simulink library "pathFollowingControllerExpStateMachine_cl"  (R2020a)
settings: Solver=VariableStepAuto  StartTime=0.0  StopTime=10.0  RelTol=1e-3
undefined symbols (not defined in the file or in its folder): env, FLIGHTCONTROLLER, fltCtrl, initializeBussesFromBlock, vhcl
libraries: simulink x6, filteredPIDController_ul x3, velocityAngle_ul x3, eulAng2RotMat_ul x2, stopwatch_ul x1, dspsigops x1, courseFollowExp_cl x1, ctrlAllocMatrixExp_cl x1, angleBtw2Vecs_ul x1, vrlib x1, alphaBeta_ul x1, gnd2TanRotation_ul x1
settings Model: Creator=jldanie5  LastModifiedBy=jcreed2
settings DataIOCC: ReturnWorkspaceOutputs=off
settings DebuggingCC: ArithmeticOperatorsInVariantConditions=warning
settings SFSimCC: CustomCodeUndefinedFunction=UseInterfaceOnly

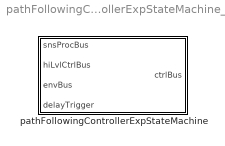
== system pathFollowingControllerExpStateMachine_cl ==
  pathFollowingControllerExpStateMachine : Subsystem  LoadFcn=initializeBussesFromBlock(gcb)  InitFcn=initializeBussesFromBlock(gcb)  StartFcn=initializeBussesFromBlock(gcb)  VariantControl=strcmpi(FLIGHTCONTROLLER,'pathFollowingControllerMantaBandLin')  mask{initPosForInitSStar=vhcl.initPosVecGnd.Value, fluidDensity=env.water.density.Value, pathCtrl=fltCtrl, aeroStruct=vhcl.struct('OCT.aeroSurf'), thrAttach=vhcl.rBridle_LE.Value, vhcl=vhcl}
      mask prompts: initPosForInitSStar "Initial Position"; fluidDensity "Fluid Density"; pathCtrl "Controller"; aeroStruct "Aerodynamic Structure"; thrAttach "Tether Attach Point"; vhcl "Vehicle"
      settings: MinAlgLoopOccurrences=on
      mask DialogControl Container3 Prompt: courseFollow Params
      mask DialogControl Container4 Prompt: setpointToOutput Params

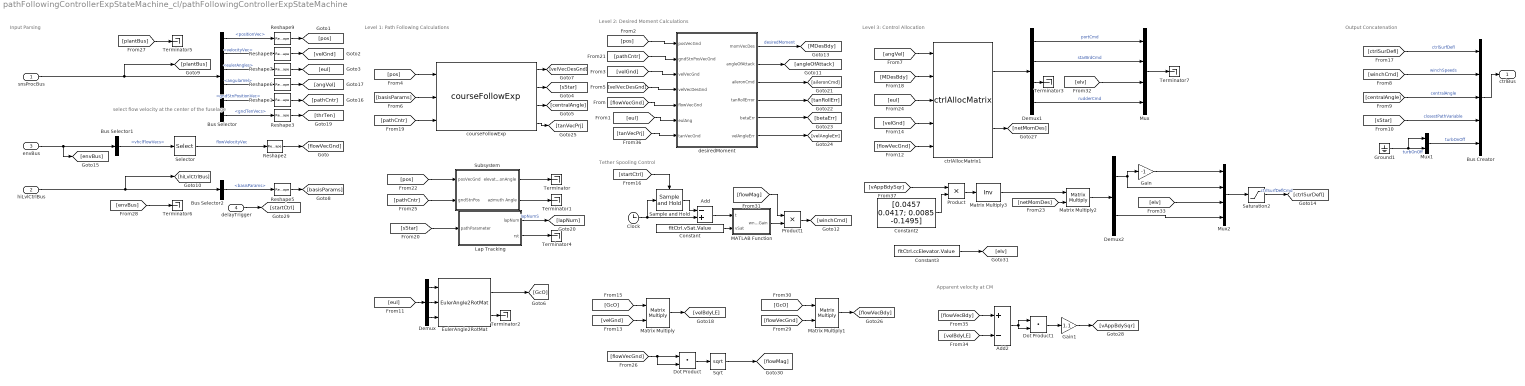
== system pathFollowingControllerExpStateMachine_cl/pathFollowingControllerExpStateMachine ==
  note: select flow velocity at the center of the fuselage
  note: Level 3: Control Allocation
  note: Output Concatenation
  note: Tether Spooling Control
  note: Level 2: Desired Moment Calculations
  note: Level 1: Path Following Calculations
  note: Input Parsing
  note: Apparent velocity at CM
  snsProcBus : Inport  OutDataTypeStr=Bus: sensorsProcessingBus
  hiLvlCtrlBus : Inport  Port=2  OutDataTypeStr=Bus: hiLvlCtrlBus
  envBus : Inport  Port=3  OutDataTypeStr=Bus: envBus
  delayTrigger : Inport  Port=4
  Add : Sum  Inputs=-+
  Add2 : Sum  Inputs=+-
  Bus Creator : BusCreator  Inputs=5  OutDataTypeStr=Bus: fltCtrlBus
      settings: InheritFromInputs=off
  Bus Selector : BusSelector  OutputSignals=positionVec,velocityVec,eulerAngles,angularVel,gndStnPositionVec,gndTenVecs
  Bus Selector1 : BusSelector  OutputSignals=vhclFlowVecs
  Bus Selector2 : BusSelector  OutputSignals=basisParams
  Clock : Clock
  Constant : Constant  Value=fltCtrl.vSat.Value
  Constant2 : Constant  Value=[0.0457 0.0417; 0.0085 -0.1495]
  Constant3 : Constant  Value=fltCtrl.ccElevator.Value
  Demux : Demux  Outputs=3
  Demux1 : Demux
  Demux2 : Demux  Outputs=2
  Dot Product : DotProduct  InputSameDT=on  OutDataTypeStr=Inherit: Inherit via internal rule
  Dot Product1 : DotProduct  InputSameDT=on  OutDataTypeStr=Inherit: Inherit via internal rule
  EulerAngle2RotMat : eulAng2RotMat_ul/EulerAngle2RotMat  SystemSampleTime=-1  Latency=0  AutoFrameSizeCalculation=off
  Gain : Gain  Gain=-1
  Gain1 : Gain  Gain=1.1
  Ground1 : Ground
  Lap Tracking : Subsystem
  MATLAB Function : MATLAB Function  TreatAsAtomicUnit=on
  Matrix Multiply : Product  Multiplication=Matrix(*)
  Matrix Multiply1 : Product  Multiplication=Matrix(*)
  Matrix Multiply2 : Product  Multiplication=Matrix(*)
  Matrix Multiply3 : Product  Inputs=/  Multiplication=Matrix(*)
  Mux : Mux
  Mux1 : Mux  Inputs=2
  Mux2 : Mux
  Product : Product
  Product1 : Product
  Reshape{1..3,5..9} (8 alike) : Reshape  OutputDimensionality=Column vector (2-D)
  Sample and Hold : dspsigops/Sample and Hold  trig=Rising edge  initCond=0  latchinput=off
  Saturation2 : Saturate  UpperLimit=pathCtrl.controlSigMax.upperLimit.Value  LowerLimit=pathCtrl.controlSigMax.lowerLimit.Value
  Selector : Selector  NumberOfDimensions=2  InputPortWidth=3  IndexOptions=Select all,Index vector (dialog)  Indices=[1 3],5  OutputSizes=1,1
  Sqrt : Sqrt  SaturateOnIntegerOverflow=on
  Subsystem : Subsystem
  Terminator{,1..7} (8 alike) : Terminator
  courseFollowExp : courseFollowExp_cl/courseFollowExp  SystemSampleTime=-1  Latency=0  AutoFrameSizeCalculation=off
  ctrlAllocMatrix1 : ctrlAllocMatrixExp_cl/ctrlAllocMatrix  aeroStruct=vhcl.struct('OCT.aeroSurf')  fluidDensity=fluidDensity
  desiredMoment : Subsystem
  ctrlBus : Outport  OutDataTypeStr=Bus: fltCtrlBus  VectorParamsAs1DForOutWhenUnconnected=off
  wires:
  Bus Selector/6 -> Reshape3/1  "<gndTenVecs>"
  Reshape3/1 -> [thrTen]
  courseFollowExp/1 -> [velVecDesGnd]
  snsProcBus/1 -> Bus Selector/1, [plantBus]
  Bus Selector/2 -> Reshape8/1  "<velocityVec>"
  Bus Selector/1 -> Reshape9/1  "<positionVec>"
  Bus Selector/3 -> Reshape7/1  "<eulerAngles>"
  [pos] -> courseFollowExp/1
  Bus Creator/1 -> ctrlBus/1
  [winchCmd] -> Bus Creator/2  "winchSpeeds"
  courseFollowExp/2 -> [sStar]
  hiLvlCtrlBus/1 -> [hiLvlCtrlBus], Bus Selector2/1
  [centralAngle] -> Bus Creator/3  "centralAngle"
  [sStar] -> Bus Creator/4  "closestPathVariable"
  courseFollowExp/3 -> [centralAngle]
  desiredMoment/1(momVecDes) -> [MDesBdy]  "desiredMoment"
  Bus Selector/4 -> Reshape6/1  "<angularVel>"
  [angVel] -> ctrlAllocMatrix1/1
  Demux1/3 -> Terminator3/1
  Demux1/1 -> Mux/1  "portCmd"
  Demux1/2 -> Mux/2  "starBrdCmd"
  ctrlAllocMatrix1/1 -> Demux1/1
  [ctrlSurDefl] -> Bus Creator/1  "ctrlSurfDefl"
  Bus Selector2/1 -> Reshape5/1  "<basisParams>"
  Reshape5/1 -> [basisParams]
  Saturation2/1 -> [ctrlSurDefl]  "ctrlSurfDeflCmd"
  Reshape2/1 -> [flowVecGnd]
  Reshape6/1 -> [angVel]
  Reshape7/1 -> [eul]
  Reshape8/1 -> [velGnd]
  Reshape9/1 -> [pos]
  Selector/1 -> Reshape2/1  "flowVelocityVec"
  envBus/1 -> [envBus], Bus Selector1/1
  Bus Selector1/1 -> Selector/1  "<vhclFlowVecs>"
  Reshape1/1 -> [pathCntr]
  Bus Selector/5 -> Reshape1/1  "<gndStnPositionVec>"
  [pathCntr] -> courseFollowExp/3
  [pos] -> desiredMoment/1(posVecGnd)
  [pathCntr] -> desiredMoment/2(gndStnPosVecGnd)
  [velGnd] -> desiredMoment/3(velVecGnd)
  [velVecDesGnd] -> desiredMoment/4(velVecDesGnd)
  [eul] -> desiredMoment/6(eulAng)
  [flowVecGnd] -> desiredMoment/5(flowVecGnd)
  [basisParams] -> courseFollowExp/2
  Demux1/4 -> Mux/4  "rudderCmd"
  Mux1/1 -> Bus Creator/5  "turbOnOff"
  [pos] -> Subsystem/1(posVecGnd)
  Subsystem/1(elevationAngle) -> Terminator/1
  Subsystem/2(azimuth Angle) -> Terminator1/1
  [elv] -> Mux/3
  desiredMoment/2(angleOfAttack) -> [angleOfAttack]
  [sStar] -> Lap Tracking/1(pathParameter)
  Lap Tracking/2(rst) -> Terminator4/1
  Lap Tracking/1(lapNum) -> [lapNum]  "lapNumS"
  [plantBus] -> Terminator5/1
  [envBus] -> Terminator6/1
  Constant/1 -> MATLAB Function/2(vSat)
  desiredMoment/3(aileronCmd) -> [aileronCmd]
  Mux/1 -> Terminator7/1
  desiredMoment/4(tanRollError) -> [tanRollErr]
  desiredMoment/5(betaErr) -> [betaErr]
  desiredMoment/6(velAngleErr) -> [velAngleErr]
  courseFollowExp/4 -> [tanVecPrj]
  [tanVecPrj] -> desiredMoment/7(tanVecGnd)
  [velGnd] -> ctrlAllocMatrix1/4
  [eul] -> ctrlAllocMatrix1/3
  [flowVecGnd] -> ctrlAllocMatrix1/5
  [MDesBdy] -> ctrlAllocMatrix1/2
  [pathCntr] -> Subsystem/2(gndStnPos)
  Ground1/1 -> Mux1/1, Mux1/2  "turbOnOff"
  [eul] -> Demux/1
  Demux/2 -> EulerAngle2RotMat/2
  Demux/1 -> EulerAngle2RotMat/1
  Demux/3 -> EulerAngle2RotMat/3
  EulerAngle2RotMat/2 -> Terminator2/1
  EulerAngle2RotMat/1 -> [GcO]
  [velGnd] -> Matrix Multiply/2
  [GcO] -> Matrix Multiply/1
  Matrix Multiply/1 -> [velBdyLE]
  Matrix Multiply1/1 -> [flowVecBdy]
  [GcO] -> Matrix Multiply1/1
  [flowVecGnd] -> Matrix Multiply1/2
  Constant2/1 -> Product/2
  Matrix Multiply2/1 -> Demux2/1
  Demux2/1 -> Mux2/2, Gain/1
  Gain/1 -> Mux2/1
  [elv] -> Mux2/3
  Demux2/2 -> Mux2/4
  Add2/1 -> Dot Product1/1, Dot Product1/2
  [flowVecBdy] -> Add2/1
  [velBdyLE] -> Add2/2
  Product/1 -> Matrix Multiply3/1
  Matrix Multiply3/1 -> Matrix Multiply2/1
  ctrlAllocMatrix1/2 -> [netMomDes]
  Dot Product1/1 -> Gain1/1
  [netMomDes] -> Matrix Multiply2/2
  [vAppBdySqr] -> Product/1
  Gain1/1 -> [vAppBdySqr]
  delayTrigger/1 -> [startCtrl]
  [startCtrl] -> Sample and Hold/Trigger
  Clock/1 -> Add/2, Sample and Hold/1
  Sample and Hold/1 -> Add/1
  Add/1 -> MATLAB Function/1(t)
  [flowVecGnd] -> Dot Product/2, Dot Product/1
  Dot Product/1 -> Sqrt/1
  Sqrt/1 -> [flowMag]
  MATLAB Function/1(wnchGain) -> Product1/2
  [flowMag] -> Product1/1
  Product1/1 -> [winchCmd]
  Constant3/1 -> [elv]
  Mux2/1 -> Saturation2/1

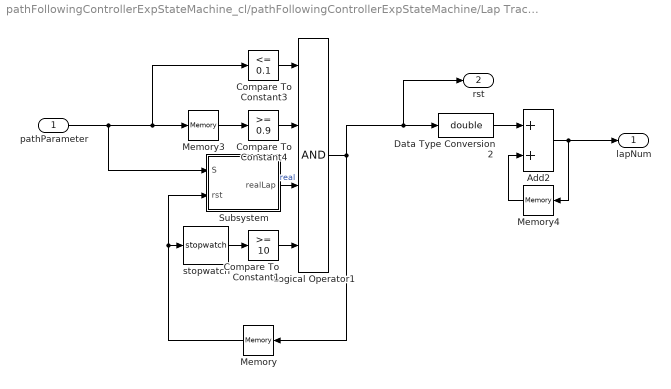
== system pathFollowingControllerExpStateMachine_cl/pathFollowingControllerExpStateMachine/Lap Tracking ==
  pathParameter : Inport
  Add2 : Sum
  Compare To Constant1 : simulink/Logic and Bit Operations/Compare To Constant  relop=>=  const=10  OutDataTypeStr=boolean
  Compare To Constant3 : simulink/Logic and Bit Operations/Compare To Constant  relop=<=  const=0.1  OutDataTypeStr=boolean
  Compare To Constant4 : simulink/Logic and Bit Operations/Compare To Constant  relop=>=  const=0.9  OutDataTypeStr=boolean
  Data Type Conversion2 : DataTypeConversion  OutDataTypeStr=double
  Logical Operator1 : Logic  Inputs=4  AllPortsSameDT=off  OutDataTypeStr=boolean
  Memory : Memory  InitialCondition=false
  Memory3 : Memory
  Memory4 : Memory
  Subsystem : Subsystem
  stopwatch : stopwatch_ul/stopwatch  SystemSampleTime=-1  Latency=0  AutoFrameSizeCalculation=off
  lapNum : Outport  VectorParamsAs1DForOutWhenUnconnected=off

------------

-- Try it --
The lines needed are the ones from the first line of the entries through the line that contains "libraries: simulink x6, filteredPIDController_ul", given again without any change.

-- Exercise result --
simulink library "pathFollowingControllerExpStateMachine_cl"  (R2020a)
settings: Solver=VariableStepAuto  StartTime=0.0  StopTime=10.0  RelTol=1e-3
undefined symbols (not defined in the file or in its folder): env, FLIGHTCONTROLLER, fltCtrl, initializeBussesFromBlock, vhcl
libraries: simulink x6, filteredPIDController_ul x3, velocityAngle_ul x3, eulAng2RotMat_ul x2, stopwatch_ul x1, dspsigops x1, courseFollowExp_cl x1, ctrlAllocMatrixExp_cl x1, angleBtw2Vecs_ul x1, vrlib x1, alphaBeta_ul x1, gnd2TanRotation_ul x1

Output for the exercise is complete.